■ Problem details: Restate every record word for word, without the pictures.

■ The data:
:::

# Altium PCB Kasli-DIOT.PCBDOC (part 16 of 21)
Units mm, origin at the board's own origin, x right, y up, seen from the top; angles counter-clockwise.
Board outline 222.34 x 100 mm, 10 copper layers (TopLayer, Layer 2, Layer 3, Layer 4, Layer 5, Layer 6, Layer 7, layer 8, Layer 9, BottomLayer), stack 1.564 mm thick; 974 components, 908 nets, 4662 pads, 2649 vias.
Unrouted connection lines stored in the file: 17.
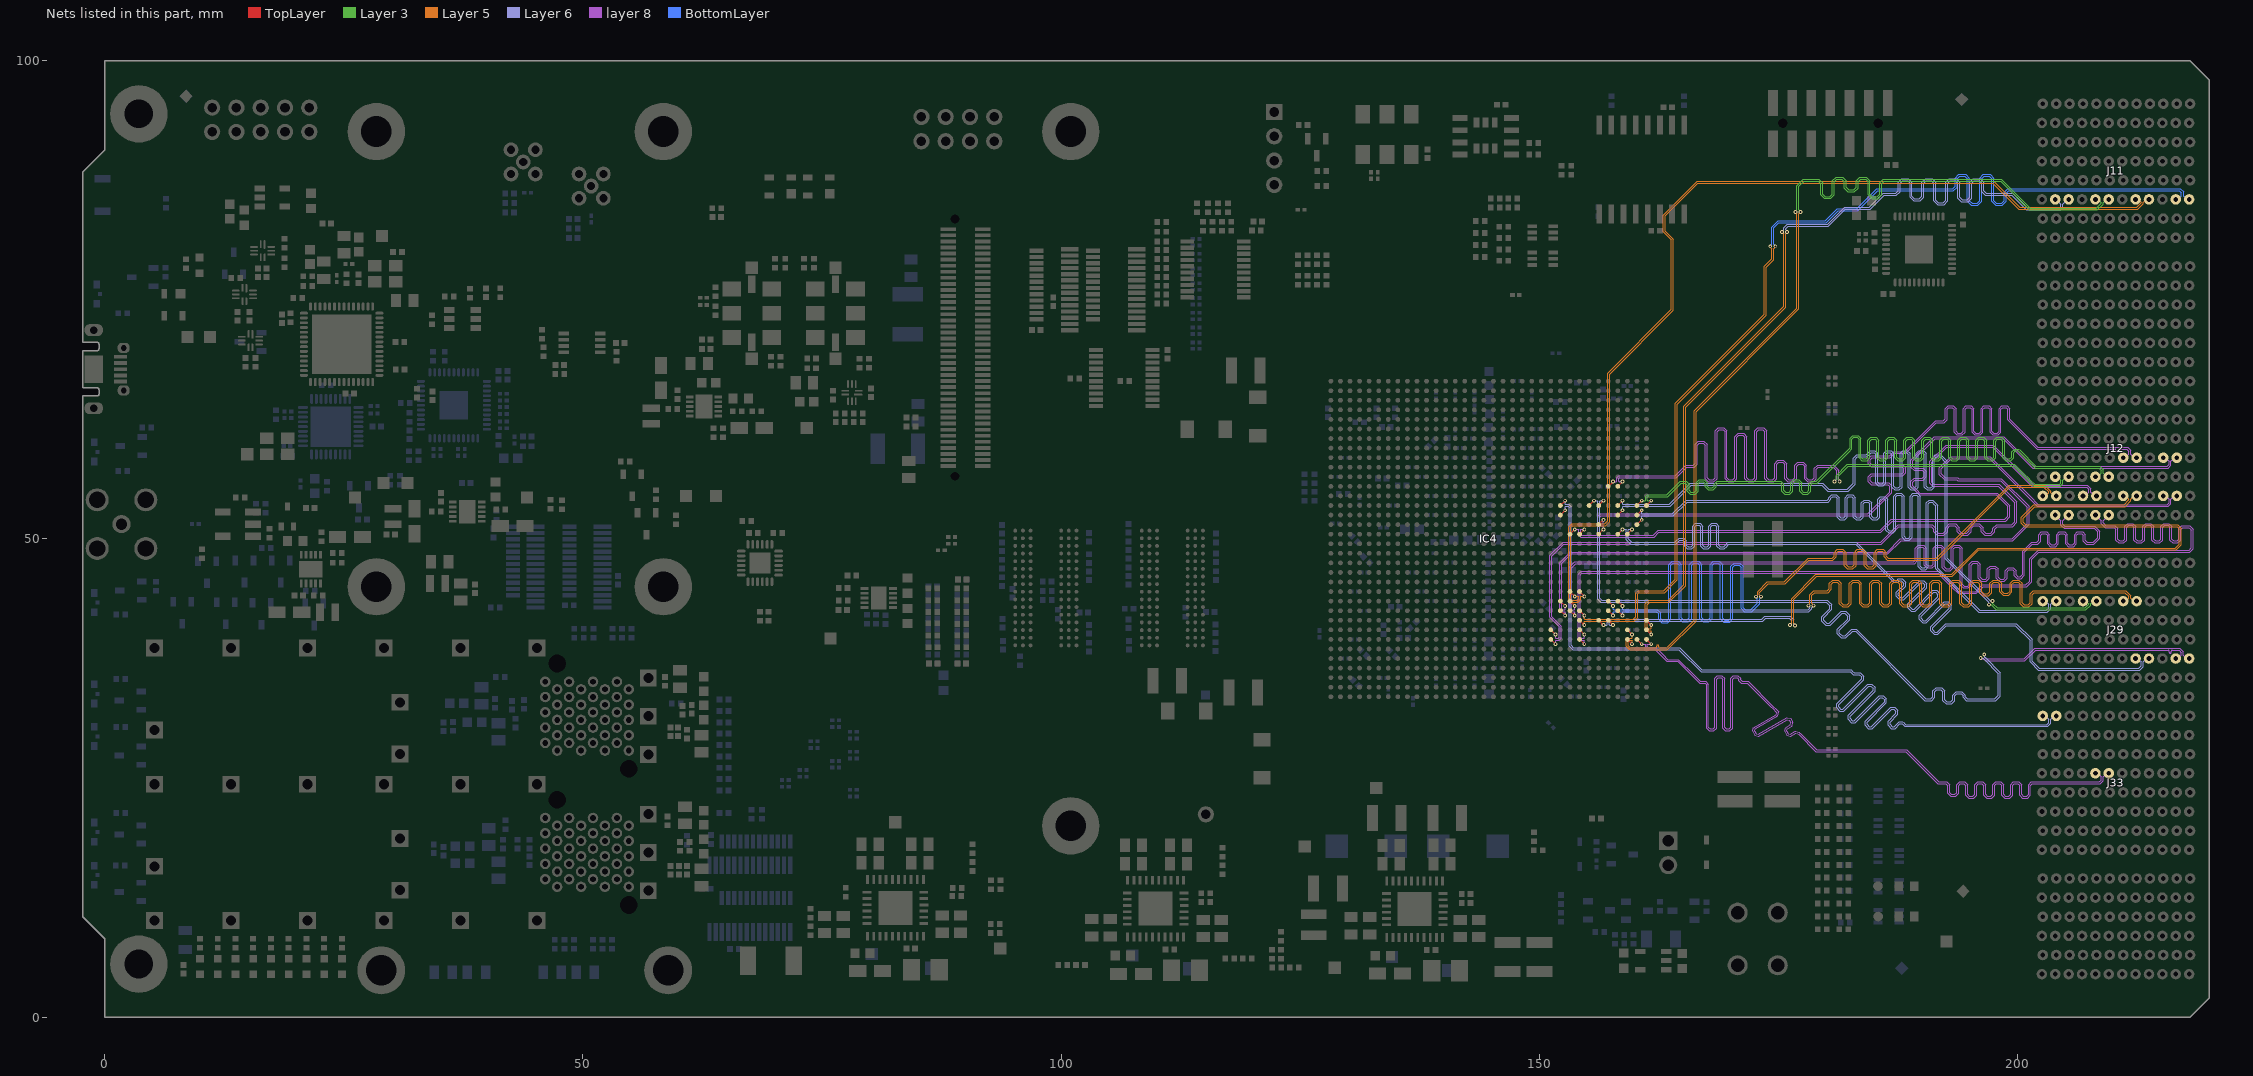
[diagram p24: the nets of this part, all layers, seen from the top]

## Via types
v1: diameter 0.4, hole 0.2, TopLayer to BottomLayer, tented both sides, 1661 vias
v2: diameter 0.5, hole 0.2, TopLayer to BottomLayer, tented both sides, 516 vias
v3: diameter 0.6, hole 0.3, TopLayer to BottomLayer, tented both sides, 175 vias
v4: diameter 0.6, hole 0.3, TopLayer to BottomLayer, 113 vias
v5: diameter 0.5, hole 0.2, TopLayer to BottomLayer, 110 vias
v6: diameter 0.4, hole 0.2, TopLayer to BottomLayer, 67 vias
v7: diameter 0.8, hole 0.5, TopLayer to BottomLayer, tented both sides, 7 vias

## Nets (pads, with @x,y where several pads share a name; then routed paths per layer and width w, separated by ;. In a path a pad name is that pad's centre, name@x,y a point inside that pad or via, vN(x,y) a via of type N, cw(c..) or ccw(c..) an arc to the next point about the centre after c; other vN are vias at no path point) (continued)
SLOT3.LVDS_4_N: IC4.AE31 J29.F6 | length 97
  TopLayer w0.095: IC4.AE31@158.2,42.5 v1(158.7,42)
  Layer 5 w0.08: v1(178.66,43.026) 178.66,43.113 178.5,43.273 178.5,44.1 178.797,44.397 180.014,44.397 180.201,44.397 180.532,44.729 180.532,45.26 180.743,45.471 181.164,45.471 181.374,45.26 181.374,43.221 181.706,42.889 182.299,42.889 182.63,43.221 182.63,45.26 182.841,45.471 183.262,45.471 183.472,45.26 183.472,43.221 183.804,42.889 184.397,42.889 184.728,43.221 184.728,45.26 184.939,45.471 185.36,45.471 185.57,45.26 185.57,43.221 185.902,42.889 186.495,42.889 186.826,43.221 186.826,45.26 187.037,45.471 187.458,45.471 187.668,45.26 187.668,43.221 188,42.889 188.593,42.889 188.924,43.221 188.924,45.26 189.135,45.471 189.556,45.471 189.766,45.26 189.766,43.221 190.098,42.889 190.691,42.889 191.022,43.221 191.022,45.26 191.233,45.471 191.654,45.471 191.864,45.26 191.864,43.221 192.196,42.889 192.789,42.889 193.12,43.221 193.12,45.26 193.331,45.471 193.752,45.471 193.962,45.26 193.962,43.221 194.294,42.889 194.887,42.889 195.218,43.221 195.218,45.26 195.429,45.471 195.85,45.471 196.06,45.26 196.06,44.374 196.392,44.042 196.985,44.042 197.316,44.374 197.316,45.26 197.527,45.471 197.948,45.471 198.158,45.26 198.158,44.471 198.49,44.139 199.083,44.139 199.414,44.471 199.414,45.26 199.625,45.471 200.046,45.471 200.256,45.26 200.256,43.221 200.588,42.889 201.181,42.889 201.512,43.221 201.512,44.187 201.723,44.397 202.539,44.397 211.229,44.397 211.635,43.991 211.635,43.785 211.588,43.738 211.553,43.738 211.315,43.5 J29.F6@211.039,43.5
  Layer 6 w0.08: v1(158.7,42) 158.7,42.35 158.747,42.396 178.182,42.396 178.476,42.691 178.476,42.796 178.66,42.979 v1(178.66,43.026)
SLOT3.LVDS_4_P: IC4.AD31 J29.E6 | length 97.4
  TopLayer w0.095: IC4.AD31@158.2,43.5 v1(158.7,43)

:::

■ Response area:
# Altium PCB Kasli-DIOT.PCBDOC (part 16 of 21)
Units mm, origin at the board's own origin, x right, y up, seen from the top; angles counter-clockwise.
Board outline 222.34 x 100 mm, 10 copper layers (TopLayer, Layer 2, Layer 3, Layer 4, Layer 5, Layer 6, Layer 7, layer 8, Layer 9, BottomLayer), stack 1.564 mm thick; 974 components, 908 nets, 4662 pads, 2649 vias.
Unrouted connection lines stored in the file: 17.
[diagram p24: the nets of this part, all layers, seen from the top]

## Via types
v1: diameter 0.4, hole 0.2, TopLayer to BottomLayer, tented both sides, 1661 vias
v2: diameter 0.5, hole 0.2, TopLayer to BottomLayer, tented both sides, 516 vias
v3: diameter 0.6, hole 0.3, TopLayer to BottomLayer, tented both sides, 175 vias
v4: diameter 0.6, hole 0.3, TopLayer to BottomLayer, 113 vias
v5: diameter 0.5, hole 0.2, TopLayer to BottomLayer, 110 vias
v6: diameter 0.4, hole 0.2, TopLayer to BottomLayer, 67 vias
v7: diameter 0.8, hole 0.5, TopLayer to BottomLayer, tented both sides, 7 vias

## Nets (pads, with @x,y where several pads share a name; then routed paths per layer and width w, separated by ;. In a path a pad name is that pad's centre, name@x,y a point inside that pad or via, vN(x,y) a via of type N, cw(c..) or ccw(c..) an arc to the next point about the centre after c; other vN are vias at no path point) (continued)
SLOT3.LVDS_4_N: IC4.AE31 J29.F6 | length 97
  TopLayer w0.095: IC4.AE31@158.2,42.5 v1(158.7,42)
  Layer 5 w0.08: v1(178.66,43.026) 178.66,43.113 178.5,43.273 178.5,44.1 178.797,44.397 180.014,44.397 180.201,44.397 180.532,44.729 180.532,45.26 180.743,45.471 181.164,45.471 181.374,45.26 181.374,43.221 181.706,42.889 182.299,42.889 182.63,43.221 182.63,45.26 182.841,45.471 183.262,45.471 183.472,45.26 183.472,43.221 183.804,42.889 184.397,42.889 184.728,43.221 184.728,45.26 184.939,45.471 185.36,45.471 185.57,45.26 185.57,43.221 185.902,42.889 186.495,42.889 186.826,43.221 186.826,45.26 187.037,45.471 187.458,45.471 187.668,45.26 187.668,43.221 188,42.889 188.593,42.889 188.924,43.221 188.924,45.26 189.135,45.471 189.556,45.471 189.766,45.26 189.766,43.221 190.098,42.889 190.691,42.889 191.022,43.221 191.022,45.26 191.233,45.471 191.654,45.471 191.864,45.26 191.864,43.221 192.196,42.889 192.789,42.889 193.12,43.221 193.12,45.26 193.331,45.471 193.752,45.471 193.962,45.26 193.962,43.221 194.294,42.889 194.887,42.889 195.218,43.221 195.218,45.26 195.429,45.471 195.85,45.471 196.06,45.26 196.06,44.374 196.392,44.042 196.985,44.042 197.316,44.374 197.316,45.26 197.527,45.471 197.948,45.471 198.158,45.26 198.158,44.471 198.49,44.139 199.083,44.139 199.414,44.471 199.414,45.26 199.625,45.471 200.046,45.471 200.256,45.26 200.256,43.221 200.588,42.889 201.181,42.889 201.512,43.221 201.512,44.187 201.723,44.397 202.539,44.397 211.229,44.397 211.635,43.991 211.635,43.785 211.588,43.738 211.553,43.738 211.315,43.5 J29.F6@211.039,43.5
  Layer 6 w0.08: v1(158.7,42) 158.7,42.35 158.747,42.396 178.182,42.396 178.476,42.691 178.476,42.796 178.66,42.979 v1(178.66,43.026)
SLOT3.LVDS_4_P: IC4.AD31 J29.E6 | length 97.4
  TopLayer w0.095: IC4.AD31@158.2,43.5 v1(158.7,43)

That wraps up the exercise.